ACTIVITY> Word for word, set down every line of the entries below from the line with "#71=VERTEX_POINT('',#70);" to the line with "#82=DIRECTION('',(1.,0.,0.));", including both, and no other line.

Data records:
##########

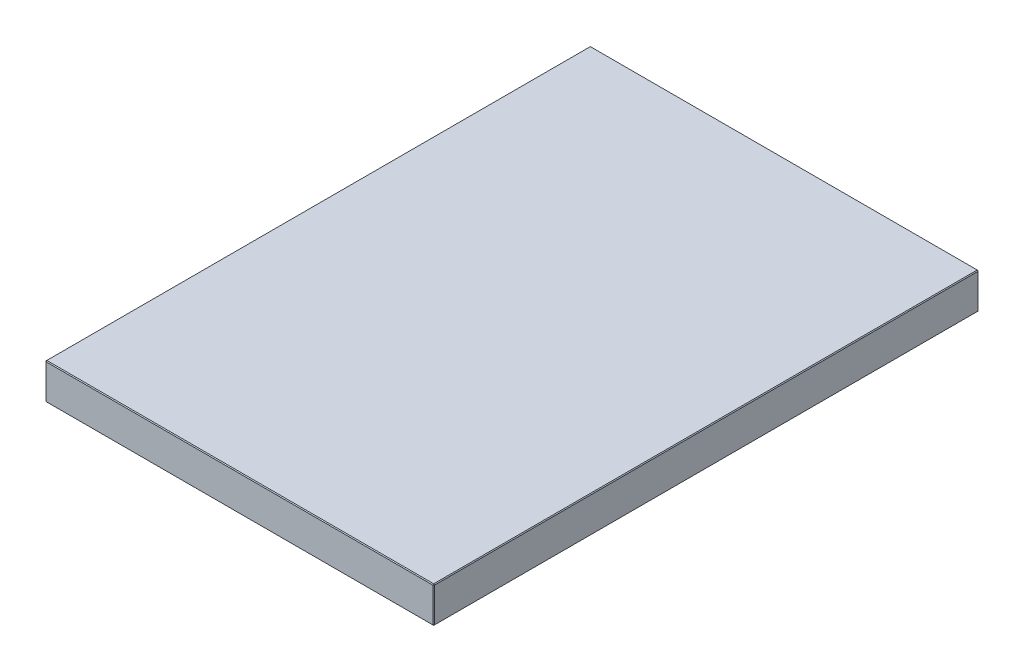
ISO-10303-21;
HEADER;
FILE_DESCRIPTION(('STEP AP214'),'2;1');
FILE_NAME('part.step','',(''),(''),'','','');
FILE_SCHEMA(('AUTOMOTIVE_DESIGN { 1 0 10303 214 1 1 1 1 }'));
ENDSEC;
DATA;
#1=APPLICATION_CONTEXT('core data for automotive mechanical design processes');
#2=APPLICATION_PROTOCOL_DEFINITION('international standard','automotive_design',2000,#1);
#3=PRODUCT_CONTEXT('',#1,'mechanical');
#4=PRODUCT('Part','Part','',(#3));
#5=PRODUCT_RELATED_PRODUCT_CATEGORY('part','',(#4));
#6=PRODUCT_DEFINITION_FORMATION('','',#4);
#7=PRODUCT_DEFINITION_CONTEXT('part definition',#1,'design');
#8=PRODUCT_DEFINITION('design','',#6,#7);
#9=PRODUCT_DEFINITION_SHAPE('','',#8);
#10=(LENGTH_UNIT() NAMED_UNIT(*) SI_UNIT(.MILLI.,.METRE.));
#11=(NAMED_UNIT(*) PLANE_ANGLE_UNIT() SI_UNIT($,.RADIAN.));
#12=(NAMED_UNIT(*) SI_UNIT($,.STERADIAN.) SOLID_ANGLE_UNIT());
#13=UNCERTAINTY_MEASURE_WITH_UNIT(LENGTH_MEASURE(1.E-05),#10,'distance_accuracy_value','');
#14=(GEOMETRIC_REPRESENTATION_CONTEXT(3) GLOBAL_UNCERTAINTY_ASSIGNED_CONTEXT((#13)) GLOBAL_UNIT_ASSIGNED_CONTEXT((#10,
#11,#12)) REPRESENTATION_CONTEXT('',''));
#15=CARTESIAN_POINT('',(0.,0.,0.));
#16=DIRECTION('',(0.,0.,1.));
#17=DIRECTION('',(1.,0.,0.));
#18=AXIS2_PLACEMENT_3D('',#15,#16,#17);
#19=CARTESIAN_POINT('',(-248.,46.,348.));
#20=DIRECTION('',(1.,0.,0.));
#21=DIRECTION('',(0.,0.,-1.));
#22=AXIS2_PLACEMENT_3D('',#19,#20,#21);
#23=PLANE('',#22);
#24=DIRECTION('',(0.,-1.,0.));
#25=VECTOR('',#24,1.);
#26=CARTESIAN_POINT('',(-248.,46.,-347.));
#27=LINE('',#26,#25);
#28=CARTESIAN_POINT('',(-248.,45.,-347.));
#29=VERTEX_POINT('',#28);
#30=CARTESIAN_POINT('',(-248.,1.,-347.));
#31=VERTEX_POINT('',#30);
#32=EDGE_CURVE('E115',#29,#31,#27,.T.);
#33=ORIENTED_EDGE('',*,*,#32,.T.);
#34=DIRECTION('',(0.,0.,1.));
#35=VECTOR('',#34,1.);
#36=CARTESIAN_POINT('',(-248.,1.,348.));
#37=LINE('',#36,#35);
#38=CARTESIAN_POINT('',(-248.,1.,347.));
#39=VERTEX_POINT('',#38);
#40=EDGE_CURVE('E111',#31,#39,#37,.T.);
#41=ORIENTED_EDGE('',*,*,#40,.T.);
#42=DIRECTION('',(0.,1.,0.));
#43=VECTOR('',#42,1.);
#44=CARTESIAN_POINT('',(-248.,46.,347.));
#45=LINE('',#44,#43);
#46=CARTESIAN_POINT('',(-248.,45.,347.));
#47=VERTEX_POINT('',#46);
#48=EDGE_CURVE('E104',#39,#47,#45,.T.);
#49=ORIENTED_EDGE('',*,*,#48,.T.);
#50=DIRECTION('',(0.,0.,-1.));
#51=VECTOR('',#50,1.);
#52=CARTESIAN_POINT('',(-248.,45.,-348.));
#53=LINE('',#52,#51);
#54=EDGE_CURVE('E108',#47,#29,#53,.T.);
#55=ORIENTED_EDGE('',*,*,#54,.T.);
#56=EDGE_LOOP('',(#33,#41,#49,#55));
#57=FACE_BOUND('',#56,.T.);
#58=ADVANCED_FACE('F16',(#57),#23,.F.);
#59=CARTESIAN_POINT('',(248.,46.,348.));
#60=DIRECTION('',(0.,0.,-1.));
#61=DIRECTION('',(-1.,0.,0.));
#62=AXIS2_PLACEMENT_3D('',#59,#60,#61);
#63=PLANE('',#62);
#64=DIRECTION('',(-1.,0.,0.));
#65=VECTOR('',#64,1.);
#66=CARTESIAN_POINT('',(-248.,45.,348.));
#67=LINE('',#66,#65);
#68=CARTESIAN_POINT('',(247.,45.,348.));
#69=VERTEX_POINT('',#68);
#70=CARTESIAN_POINT('',(-247.,45.,348.));
#71=VERTEX_POINT('',#70);
#72=EDGE_CURVE('E165',#69,#71,#67,.T.);
#73=ORIENTED_EDGE('',*,*,#72,.T.);
#74=DIRECTION('',(0.,-1.,0.));
#75=VECTOR('',#74,1.);
#76=CARTESIAN_POINT('',(-247.,46.,348.));
#77=LINE('',#76,#75);
#78=CARTESIAN_POINT('',(-247.,1.,348.));
#79=VERTEX_POINT('',#78);
#80=EDGE_CURVE('E123',#71,#79,#77,.T.);
#81=ORIENTED_EDGE('',*,*,#80,.T.);
#82=DIRECTION('',(1.,0.,0.));
#83=VECTOR('',#82,1.);
#84=CARTESIAN_POINT('',(248.,1.,348.));
#85=LINE('',#84,#83);
#86=CARTESIAN_POINT('',(247.,1.,348.));
#87=VERTEX_POINT('',#86);
#88=EDGE_CURVE('E169',#79,#87,#85,.T.);
#89=ORIENTED_EDGE('',*,*,#88,.T.);
#90=DIRECTION('',(0.,1.,0.));
#91=VECTOR('',#90,1.);
#92=CARTESIAN_POINT('',(247.,46.,348.));
#93=LINE('',#92,#91);
#94=EDGE_CURVE('E167',#87,#69,#93,.T.);
#95=ORIENTED_EDGE('',*,*,#94,.T.);
#96=EDGE_LOOP('',(#73,#81,#89,#95));
#97=FACE_BOUND('',#96,.T.);
#98=ADVANCED_FACE('F276',(#97),#63,.F.);
#99=CARTESIAN_POINT('',(248.,46.,348.));
#100=DIRECTION('',(-1.,0.,0.));
#101=DIRECTION('',(0.,0.,1.));
#102=AXIS2_PLACEMENT_3D('',#99,#100,#101);
#103=PLANE('',#102);
#104=DIRECTION('',(0.,0.,-1.));
#105=VECTOR('',#104,1.);
#106=CARTESIAN_POINT('',(248.,1.,348.));
#107=LINE('',#106,#105);
#108=CARTESIAN_POINT('',(248.,1.,347.));
#109=VERTEX_POINT('',#108);
#110=CARTESIAN_POINT('',(248.,1.,-347.));
#111=VERTEX_POINT('',#110);
#112=EDGE_CURVE('E160',#109,#111,#107,.T.);
#113=ORIENTED_EDGE('',*,*,#112,.T.);
#114=DIRECTION('',(0.,1.,0.));
#115=VECTOR('',#114,1.);
#116=CARTESIAN_POINT('',(248.,46.,-347.));
#117=LINE('',#116,#115);
#118=CARTESIAN_POINT('',(248.,45.,-347.));
#119=VERTEX_POINT('',#118);
#120=EDGE_CURVE('E162',#111,#119,#117,.T.);
#121=ORIENTED_EDGE('',*,*,#120,.T.);
#122=DIRECTION('',(0.,0.,1.));
#123=VECTOR('',#122,1.);
#124=CARTESIAN_POINT('',(248.,45.,348.));
#125=LINE('',#124,#123);
#126=CARTESIAN_POINT('',(248.,45.,347.));
#127=VERTEX_POINT('',#126);
#128=EDGE_CURVE('E156',#119,#127,#125,.T.);
#129=ORIENTED_EDGE('',*,*,#128,.T.);
#130=DIRECTION('',(0.,-1.,0.));
#131=VECTOR('',#130,1.);
#132=CARTESIAN_POINT('',(248.,46.,347.));
#133=LINE('',#132,#131);
#134=EDGE_CURVE('E158',#127,#109,#133,.T.);
#135=ORIENTED_EDGE('',*,*,#134,.T.);
#136=EDGE_LOOP('',(#113,#121,#129,#135));
#137=FACE_BOUND('',#136,.T.);
#138=ADVANCED_FACE('F255',(#137),#103,.F.);
#139=CARTESIAN_POINT('',(248.,46.,-348.));
#140=DIRECTION('',(0.,0.,1.));
#141=DIRECTION('',(1.,0.,0.));
#142=AXIS2_PLACEMENT_3D('',#139,#140,#141);
#143=PLANE('',#142);
#144=DIRECTION('',(0.,-1.,0.));
#145=VECTOR('',#144,1.);
#146=CARTESIAN_POINT('',(247.,46.,-348.));
#147=LINE('',#146,#145);
#148=CARTESIAN_POINT('',(247.,45.,-348.));
#149=VERTEX_POINT('',#148);
#150=CARTESIAN_POINT('',(247.,1.,-348.));
#151=VERTEX_POINT('',#150);
#152=EDGE_CURVE('E149',#149,#151,#147,.T.);
#153=ORIENTED_EDGE('',*,*,#152,.T.);
#154=DIRECTION('',(-1.,0.,0.));
#155=VECTOR('',#154,1.);
#156=CARTESIAN_POINT('',(248.,1.,-348.));
#157=LINE('',#156,#155);
#158=CARTESIAN_POINT('',(-247.,1.,-348.));
#159=VERTEX_POINT('',#158);
#160=EDGE_CURVE('E154',#151,#159,#157,.T.);
#161=ORIENTED_EDGE('',*,*,#160,.T.);
#162=DIRECTION('',(0.,1.,0.));
#163=VECTOR('',#162,1.);
#164=CARTESIAN_POINT('',(-247.,46.,-348.));
#165=LINE('',#164,#163);
#166=CARTESIAN_POINT('',(-247.,45.,-348.));
#167=VERTEX_POINT('',#166);
#168=EDGE_CURVE('E151',#159,#167,#165,.T.);
#169=ORIENTED_EDGE('',*,*,#168,.T.);
#170=DIRECTION('',(1.,0.,0.));
#171=VECTOR('',#170,1.);
#172=CARTESIAN_POINT('',(248.,45.,-348.));
#173=LINE('',#172,#171);
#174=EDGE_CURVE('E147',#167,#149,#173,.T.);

##########

SOLVED EXERCISE>
#71=VERTEX_POINT('',#70);
#72=EDGE_CURVE('E165',#69,#71,#67,.T.);
#73=ORIENTED_EDGE('',*,*,#72,.T.);
#74=DIRECTION('',(0.,-1.,0.));
#75=VECTOR('',#74,1.);
#76=CARTESIAN_POINT('',(-247.,46.,348.));
#77=LINE('',#76,#75);
#78=CARTESIAN_POINT('',(-247.,1.,348.));
#79=VERTEX_POINT('',#78);
#80=EDGE_CURVE('E123',#71,#79,#77,.T.);
#81=ORIENTED_EDGE('',*,*,#80,.T.);
#82=DIRECTION('',(1.,0.,0.));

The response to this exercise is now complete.